___ Dataset entries

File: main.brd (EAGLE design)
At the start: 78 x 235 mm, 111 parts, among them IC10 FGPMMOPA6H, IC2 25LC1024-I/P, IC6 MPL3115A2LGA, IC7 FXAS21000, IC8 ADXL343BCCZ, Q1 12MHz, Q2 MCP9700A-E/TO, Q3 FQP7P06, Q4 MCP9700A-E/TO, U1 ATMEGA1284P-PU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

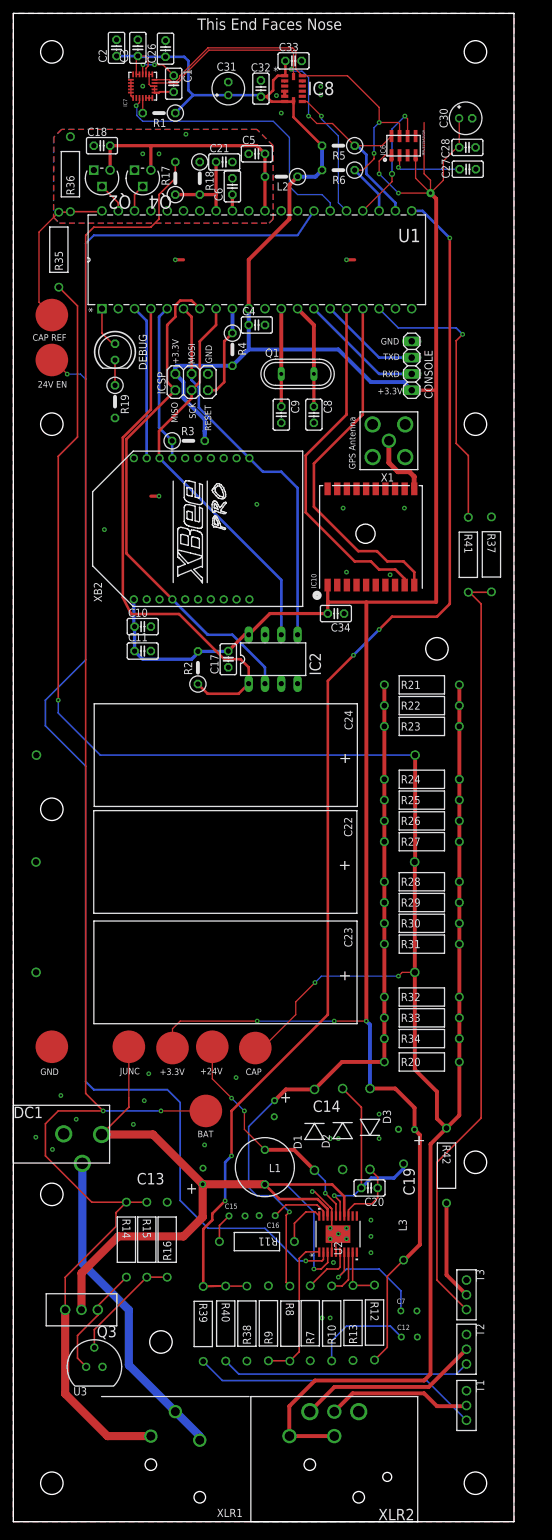
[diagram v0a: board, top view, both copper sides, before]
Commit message: Added terminal pads
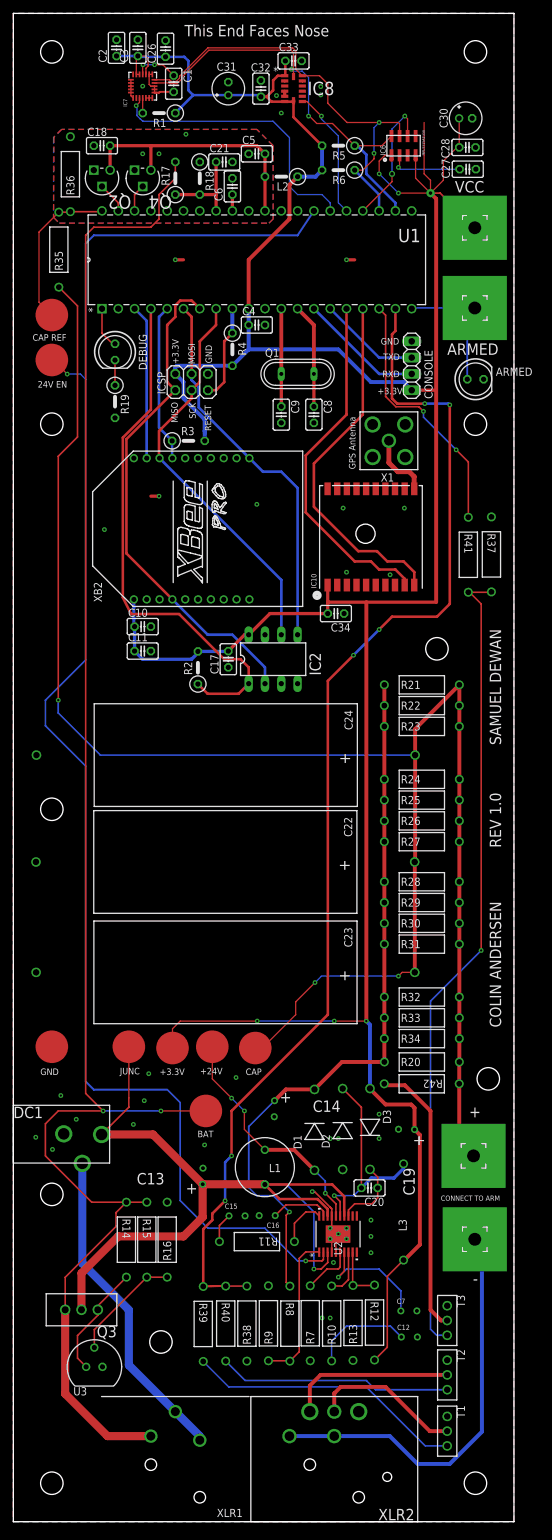
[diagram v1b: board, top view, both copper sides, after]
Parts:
- added ARMED: (no value), led:LED5MM
- added PAD1, PAD2, PAD3, PAD6: (no value), Power:3,81/1,4
- moved R42 21.0 mm to (57.8, 68.2), turned to 180 degrees
- moved T1 5.00 mm to (67.6, 14.1)
- moved T2 5.00 mm to (67.6, 22.9)
- moved T3 5.00 mm to (67.6, 31.4)
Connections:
- removed net DROGUE_TRIGGER: U1.20
- new net ARMED_SENSE: ARMED.A, PAD3.1, U1.20
- new net N$31: PAD6.1, XLR2.1, XLR2.3
- net ENGINE_VALVE: now also U1.21; no longer U1.19
- net GND: now also ARMED.K
- net MAIN_TRIGGER: now also U1.19; no longer U1.21
- net N$81: now also PAD2.1; no longer XLR2.1, XLR2.3
- net VCC: now also PAD1.1
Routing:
- net N$81: track 363.2 -> 280.0 mm
- net N$31: track 0.00 -> 64.3 mm
- net N$75: track 15.6 -> 43.3 mm
- net ARMED_SENSE: track 0.00 -> 21.5 mm
- net MAIN_TRIGGER: track 201.6 -> 191.3 mm, vias 5 -> 6
- net VCC: track 491.7 -> 500.9 mm
- net N$82: track 121.2 -> 125.7 mm, vias 0 -> 1
- net CAP_DISCHARGE: track 44.4 -> 40.4 mm, vias 1 -> 2
- net N$80: track 39.0 -> 36.4 mm
- net N$78: track 28.4 -> 26.1 mm
- net N$79: track 44.8 -> 43.5 mm
- net N$77: track 22.6 -> 23.7 mm
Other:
- board text added: "+"
- board text added: "-"
- board text added: "ARMED"
- board text added: "COLIN ANDERSEN"
- board text added: "CONNECT TO ARM"
- board text added: "REV 1.0"
- board text added: "SAMUEL DEWAN"
- board text added: "VCC"

______

Try it> Lines containing the string "sides" are the ones to copy from the entries above.

Output of the exercise>
[diagram v0a: board, top view, both copper sides, before]
[diagram v1b: board, top view, both copper sides, after]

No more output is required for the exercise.